» Work instructions
Work out how many lines of the listing hold "Continuous", then state only that count.

Material supplied below:

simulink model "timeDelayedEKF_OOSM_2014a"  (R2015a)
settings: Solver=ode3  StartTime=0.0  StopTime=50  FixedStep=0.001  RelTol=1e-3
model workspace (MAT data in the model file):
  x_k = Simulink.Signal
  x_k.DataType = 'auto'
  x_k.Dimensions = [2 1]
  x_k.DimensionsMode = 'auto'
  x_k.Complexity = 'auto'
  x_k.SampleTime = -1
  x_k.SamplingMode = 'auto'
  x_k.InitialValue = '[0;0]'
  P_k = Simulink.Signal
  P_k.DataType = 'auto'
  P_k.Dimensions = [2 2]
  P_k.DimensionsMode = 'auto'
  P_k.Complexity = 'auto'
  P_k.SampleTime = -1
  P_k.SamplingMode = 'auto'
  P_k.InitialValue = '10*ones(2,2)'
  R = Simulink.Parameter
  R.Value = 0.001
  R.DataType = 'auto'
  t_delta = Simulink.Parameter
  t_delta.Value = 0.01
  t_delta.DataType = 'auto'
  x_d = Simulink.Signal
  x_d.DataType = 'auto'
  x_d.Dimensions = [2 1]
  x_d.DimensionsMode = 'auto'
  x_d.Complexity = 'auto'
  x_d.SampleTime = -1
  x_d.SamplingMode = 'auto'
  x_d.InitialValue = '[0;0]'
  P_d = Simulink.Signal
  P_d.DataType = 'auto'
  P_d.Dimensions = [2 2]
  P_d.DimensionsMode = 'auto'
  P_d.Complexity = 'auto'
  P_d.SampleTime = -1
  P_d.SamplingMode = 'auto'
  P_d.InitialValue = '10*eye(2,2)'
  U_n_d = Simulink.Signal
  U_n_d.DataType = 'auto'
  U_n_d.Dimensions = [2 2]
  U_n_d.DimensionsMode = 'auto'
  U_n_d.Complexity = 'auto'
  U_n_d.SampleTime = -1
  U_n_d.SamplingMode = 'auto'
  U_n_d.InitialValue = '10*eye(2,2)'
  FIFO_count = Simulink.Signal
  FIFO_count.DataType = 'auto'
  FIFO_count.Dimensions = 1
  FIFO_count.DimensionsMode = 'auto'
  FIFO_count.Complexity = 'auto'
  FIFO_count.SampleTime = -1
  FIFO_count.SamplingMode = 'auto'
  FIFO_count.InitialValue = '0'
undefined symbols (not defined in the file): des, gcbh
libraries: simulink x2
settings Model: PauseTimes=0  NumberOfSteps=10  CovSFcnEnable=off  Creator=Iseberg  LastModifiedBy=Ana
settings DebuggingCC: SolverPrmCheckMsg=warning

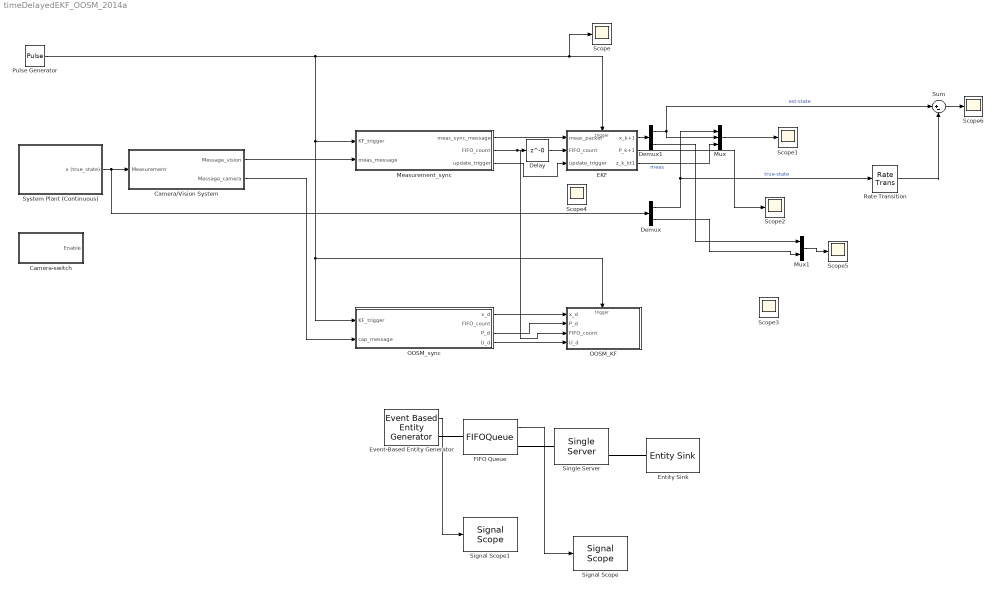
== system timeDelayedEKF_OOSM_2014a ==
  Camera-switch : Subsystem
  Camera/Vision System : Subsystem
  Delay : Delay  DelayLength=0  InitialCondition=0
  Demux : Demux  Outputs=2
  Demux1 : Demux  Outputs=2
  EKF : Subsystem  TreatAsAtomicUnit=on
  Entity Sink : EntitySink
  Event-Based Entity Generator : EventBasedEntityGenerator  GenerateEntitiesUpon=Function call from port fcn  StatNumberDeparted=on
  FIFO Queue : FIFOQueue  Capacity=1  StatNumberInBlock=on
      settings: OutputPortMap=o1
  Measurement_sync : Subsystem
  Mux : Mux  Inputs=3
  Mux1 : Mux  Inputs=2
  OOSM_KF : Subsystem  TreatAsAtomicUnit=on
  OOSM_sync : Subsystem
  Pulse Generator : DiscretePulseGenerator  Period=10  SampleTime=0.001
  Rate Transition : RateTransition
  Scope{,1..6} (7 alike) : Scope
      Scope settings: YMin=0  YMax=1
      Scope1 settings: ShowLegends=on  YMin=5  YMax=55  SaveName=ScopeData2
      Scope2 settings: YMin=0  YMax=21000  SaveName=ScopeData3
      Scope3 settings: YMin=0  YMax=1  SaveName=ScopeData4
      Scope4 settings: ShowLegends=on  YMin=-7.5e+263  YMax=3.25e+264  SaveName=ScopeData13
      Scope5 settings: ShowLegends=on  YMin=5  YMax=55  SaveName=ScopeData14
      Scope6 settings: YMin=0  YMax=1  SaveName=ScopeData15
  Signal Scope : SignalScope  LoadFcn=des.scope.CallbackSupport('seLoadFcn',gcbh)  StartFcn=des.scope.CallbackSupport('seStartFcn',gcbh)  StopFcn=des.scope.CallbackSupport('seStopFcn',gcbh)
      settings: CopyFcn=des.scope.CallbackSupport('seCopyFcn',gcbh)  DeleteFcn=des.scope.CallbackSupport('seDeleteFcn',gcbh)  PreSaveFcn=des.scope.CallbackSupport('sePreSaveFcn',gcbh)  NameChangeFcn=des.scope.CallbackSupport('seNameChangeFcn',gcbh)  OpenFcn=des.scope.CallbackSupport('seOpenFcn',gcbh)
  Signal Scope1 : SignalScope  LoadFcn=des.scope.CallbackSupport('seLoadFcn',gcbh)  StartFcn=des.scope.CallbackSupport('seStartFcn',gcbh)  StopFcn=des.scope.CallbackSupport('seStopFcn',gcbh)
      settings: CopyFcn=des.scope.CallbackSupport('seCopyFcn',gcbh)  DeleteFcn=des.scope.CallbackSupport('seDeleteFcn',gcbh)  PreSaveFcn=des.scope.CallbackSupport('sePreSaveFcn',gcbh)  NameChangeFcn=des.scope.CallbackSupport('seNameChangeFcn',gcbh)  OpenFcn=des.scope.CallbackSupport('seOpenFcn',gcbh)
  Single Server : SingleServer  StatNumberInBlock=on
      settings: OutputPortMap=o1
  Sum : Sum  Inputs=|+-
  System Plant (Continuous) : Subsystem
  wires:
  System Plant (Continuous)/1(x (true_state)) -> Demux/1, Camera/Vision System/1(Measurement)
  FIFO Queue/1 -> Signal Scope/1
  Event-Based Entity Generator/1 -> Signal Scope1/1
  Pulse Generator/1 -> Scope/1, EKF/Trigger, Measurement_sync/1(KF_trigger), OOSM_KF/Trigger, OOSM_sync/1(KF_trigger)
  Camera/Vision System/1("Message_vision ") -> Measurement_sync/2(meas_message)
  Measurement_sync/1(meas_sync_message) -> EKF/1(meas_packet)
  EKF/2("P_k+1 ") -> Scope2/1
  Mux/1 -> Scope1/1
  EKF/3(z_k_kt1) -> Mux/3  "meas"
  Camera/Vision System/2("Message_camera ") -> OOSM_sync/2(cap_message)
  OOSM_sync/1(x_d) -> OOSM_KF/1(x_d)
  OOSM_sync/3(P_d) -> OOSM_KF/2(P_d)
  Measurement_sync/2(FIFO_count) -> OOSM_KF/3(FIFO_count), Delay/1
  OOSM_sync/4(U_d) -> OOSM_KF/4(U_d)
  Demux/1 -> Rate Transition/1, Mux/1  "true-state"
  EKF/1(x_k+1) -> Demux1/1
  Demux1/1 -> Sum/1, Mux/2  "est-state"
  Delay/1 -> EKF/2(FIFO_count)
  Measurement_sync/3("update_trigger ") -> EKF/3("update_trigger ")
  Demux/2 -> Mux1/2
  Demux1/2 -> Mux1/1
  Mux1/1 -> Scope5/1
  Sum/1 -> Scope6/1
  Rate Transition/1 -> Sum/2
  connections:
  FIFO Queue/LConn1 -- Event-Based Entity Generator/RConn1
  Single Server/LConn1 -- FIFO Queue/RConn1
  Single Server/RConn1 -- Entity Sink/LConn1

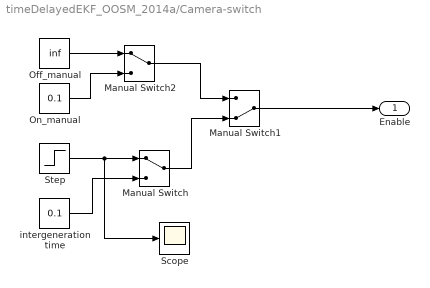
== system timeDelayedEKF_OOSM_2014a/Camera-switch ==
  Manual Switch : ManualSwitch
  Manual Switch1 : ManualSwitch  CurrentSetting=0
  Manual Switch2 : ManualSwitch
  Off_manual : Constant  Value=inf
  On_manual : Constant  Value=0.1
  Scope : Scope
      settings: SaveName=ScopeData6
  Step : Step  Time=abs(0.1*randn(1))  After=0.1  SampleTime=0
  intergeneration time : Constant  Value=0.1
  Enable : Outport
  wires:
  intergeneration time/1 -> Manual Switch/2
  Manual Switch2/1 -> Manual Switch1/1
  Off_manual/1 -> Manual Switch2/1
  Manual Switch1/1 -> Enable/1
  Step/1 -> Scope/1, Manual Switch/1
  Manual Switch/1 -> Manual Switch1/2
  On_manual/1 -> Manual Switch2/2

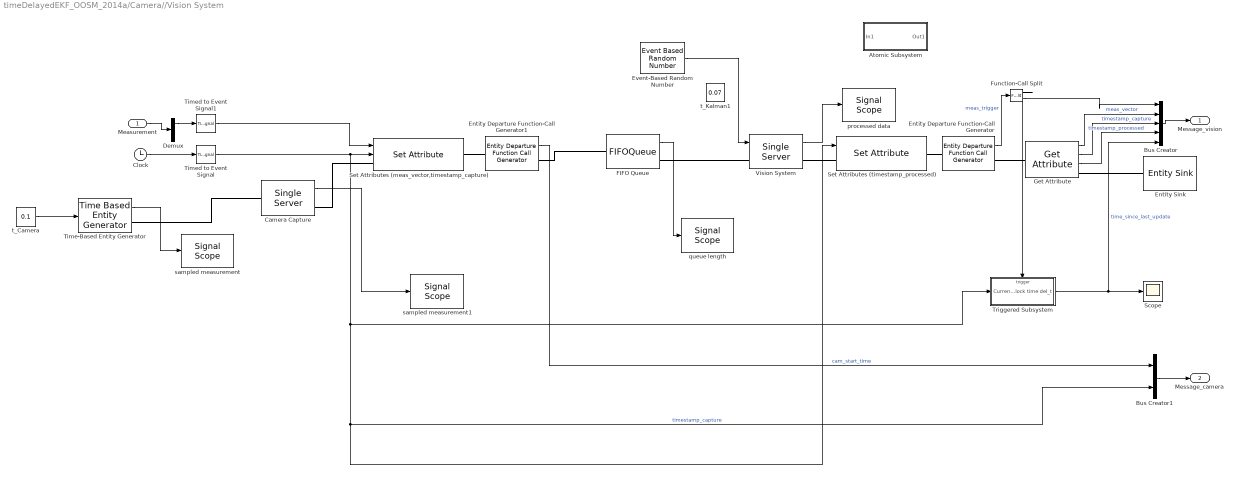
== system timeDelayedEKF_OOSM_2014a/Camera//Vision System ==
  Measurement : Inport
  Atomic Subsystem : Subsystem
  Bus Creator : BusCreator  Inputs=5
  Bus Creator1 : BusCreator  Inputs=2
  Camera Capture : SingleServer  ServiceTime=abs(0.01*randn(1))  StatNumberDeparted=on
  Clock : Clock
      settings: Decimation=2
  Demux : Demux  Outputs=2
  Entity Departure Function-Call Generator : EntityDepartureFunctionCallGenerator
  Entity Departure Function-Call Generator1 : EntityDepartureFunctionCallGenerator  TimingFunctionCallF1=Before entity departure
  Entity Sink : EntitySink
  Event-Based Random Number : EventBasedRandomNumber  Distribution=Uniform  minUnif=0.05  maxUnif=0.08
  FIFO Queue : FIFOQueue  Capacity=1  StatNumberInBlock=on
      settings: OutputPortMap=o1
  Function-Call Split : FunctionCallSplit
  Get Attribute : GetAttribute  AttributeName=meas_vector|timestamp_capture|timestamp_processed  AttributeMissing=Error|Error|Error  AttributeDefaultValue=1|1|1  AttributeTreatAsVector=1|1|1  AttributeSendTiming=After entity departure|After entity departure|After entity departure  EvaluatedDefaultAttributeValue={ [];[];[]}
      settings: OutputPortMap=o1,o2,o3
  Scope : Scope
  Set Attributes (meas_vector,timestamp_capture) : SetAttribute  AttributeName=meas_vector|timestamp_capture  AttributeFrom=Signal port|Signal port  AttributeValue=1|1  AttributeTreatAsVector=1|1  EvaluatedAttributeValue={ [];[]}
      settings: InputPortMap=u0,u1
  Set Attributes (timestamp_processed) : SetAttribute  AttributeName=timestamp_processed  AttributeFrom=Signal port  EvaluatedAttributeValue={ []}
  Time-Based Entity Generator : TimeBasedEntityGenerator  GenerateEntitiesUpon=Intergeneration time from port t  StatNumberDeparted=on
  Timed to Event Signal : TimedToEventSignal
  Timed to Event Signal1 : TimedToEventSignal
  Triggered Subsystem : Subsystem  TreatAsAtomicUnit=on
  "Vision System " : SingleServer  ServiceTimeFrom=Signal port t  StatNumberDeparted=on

End of Material supplied.

» Answer space
2